PM says African nation was formerly used by Iran to smuggle weapons to Hamas, but Israel ‘prevented this’; delegation to travel to Khartoum in coming days to finalize peace accord
In a televised address Saturday on the new Israeli-Sudanese normalization deal, Prime Minister Benjamin Netanyahu hinted that Israel carried out bombing raids in Sudan several years ago to stop Iran from smuggling weapons to Hamas via the African nation.
Israel reportedly carried out bombing raids in Sudan in early 2009, before Netanyahu took office, as well as in 2012 and 2014, when he was serving as prime minister.
Sudan “was a nation used to smuggle very dangerous weapons to Hamas through Sudan, the Nile Basin [and] Sinai. This forced me to order steps to prevent this and indeed this changed.”
In 2009, three airstrikes destroyed a convoy of trucks in western Sudan reportedly carrying long-range Iranian missiles to the Gaza Strip. A mysterious explosion in a weapons plant in Khartoum in 2012, which killed four people, was believed to be the result of an Israeli airstrike targeting arms destined for Hamas. In 2014 a large explosion occurred in a Sudanese ammunition warehouse, in an alleged Israeli attack targeting weapons intended for Hamas.

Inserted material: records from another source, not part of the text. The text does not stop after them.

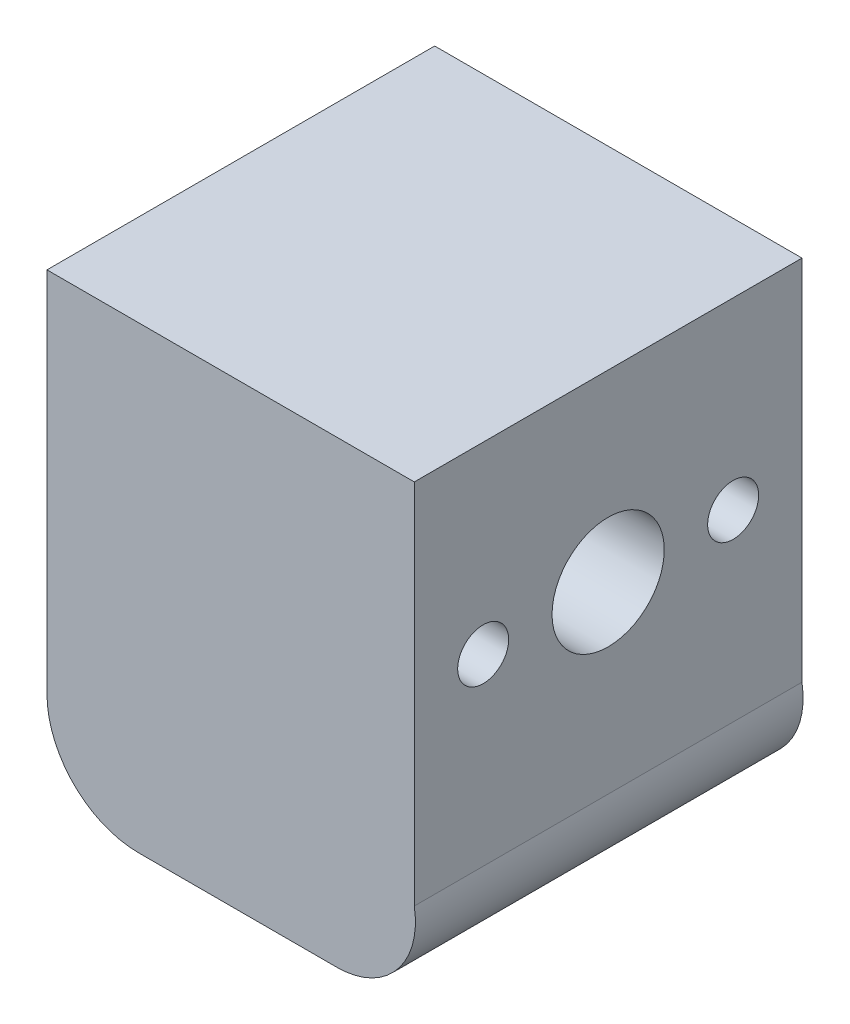
SolidWorks part; units mm, degrees
ref_plane "Front Plane" through (0, 0, 0) normal (0, 0, 1) x (1, 0, 0)
ref_plane "Top Plane" through (0, 0, 0) normal (0, 1, 0) x (1, 0, 0)
ref_plane "Right Plane" through (0, 0, 0) normal (1, 0, 0) x (0, 0, -1)
sketch "Sketch2" plane through (0, 0, 0) normal (0, 0, 1) x (1, 0, 0)
  line L0 (-37.2041, 20.6616) -> (-37.2041, 2.6616)
  line L2 (-32.7073, -1.8352) -> (-22.9997, -1.8352)
  line L3 (-19.2041, 2.6616) -> (-19.2041, 20.6616)
  line L5 (-19.2041, 20.6616) -> (-37.2041, 20.6616)
  arc A0 (-37.2041, 2.6616) -> (-32.7073, -1.8352) centre (-32.7073, 2.6616) ccw
  arc A2 (-22.9997, -1.8352) -> (-19.2041, 2.6616) centre (-22.9997, 2.0151) ccw
  point P0 (0, 0)
  dimension "D1" = 18
  dimension "D2" = 18
  dimension "D3" = 18
extrude "Boss-Extrude1" add sketch "Sketch2" along normal mid plane 19
sketch "Sketch3" plane through (-37.2041, 0, 0) normal (-1, 0, 0) x (0, 0, 1)
  line L0 (-9.5, 20.6616) -> (-9.5, 2.6616) construction
  line L3 (9.5, 20.6616) -> (9.5, 2.6616) construction
  circle A0 centre (0, 11.6616) radius 2.75
  circle A1 centre (6.125, 11.6616) radius 1.25
  circle A2 centre (-6.125, 11.6616) radius 1.25
  point P6 (0, 0)
  point P9 (-9.5, 11.6616)
  dimension "D1" = 2.5
  dimension "D2" = 2.5
  dimension "D3" = 5.5
  dimension "D4" = 3.375
  dimension "D5" = 9.5
  dimension "D6" = 3.375
extrude "Cut-Extrude1" cut sketch "Sketch3" against normal through all

Netanyahu praised the normalization deal with Sudan, and namechecked Uganda’s President Yoweri Museveni for his role in brokering a meeting between him and Sudanese leader Abdel Fattah al-Burhan in February.
“We brought three peace deals in six weeks. It’s not luck, it’s not coincidence but the result of clear policy, and our efforts,” he said, expressing certainty that other countries will follow suit.
Israel last month signed normalization agreements with the United Arab Emirates and Bahrain.
Netanyahu said that an Israeli delegation will head to Khartoum “in the coming days” to finalize the accords.
He added that Israel had already agreed with Sudan for Israeli flights to fly over the African nation’s territory — an agreement “made before we announced normalization” — and said planes from Israel can from now on head west over Africa via Sudan and Chad — “with which we also established diplomatic relations” — to Brazil and South America.
Netanyahu met with the Chadian president in January 2019 on a visit to the capital of N’Djamena, during which the two countries agreed to renew ties, which Chad severed in 1972 due to pressure from Libyan strongman Muammar Gaddafi.
With Israel’s new accords, Netanyahu said “we are changing the map of the Middle East.”
He highlighted on a map that Israel could also now fly directly to India and the Far East quickly thanks to the deals with the UAE and Bahrain.
“It’s an immense change” for Israel, he said.
Noting the historic significance of Friday’s breakthrough, Netanyahu stressed that Sudan was once an enemy state that fought against Israel in 1948. In 1967 it hosted the Arab League summit in which the so-called “3 No’s” were announced, he added: No peace with Israel, no recognition of Israel and no negotiations with Israel.
“But all our relations with them have started to change in recent years — secretly, openly, and now with the normalization agreement.”
He thanked “President Trump and his team above all — together with him we are changing history.
The new accords were being reached “despite all the experts and commentators who said it was impossible,” he said. “Israel was completely isolated and they told us we were heading into a political tsunami. What’s happening is the absolute opposite. Israel is now connecting to the whole world.”
The new deals, he said, moreover, brought peace “without withdrawals” and “without uprootings” — a reference to what he has touted as a shift away from previous “land for peace” policies to new peace efforts that do not involve land concessions from Israel for ties with its former enemies.
Before the recent accords with the UAE and Bahrain, Egypt and Jordan were the only Arab nations formally at peace with Israel.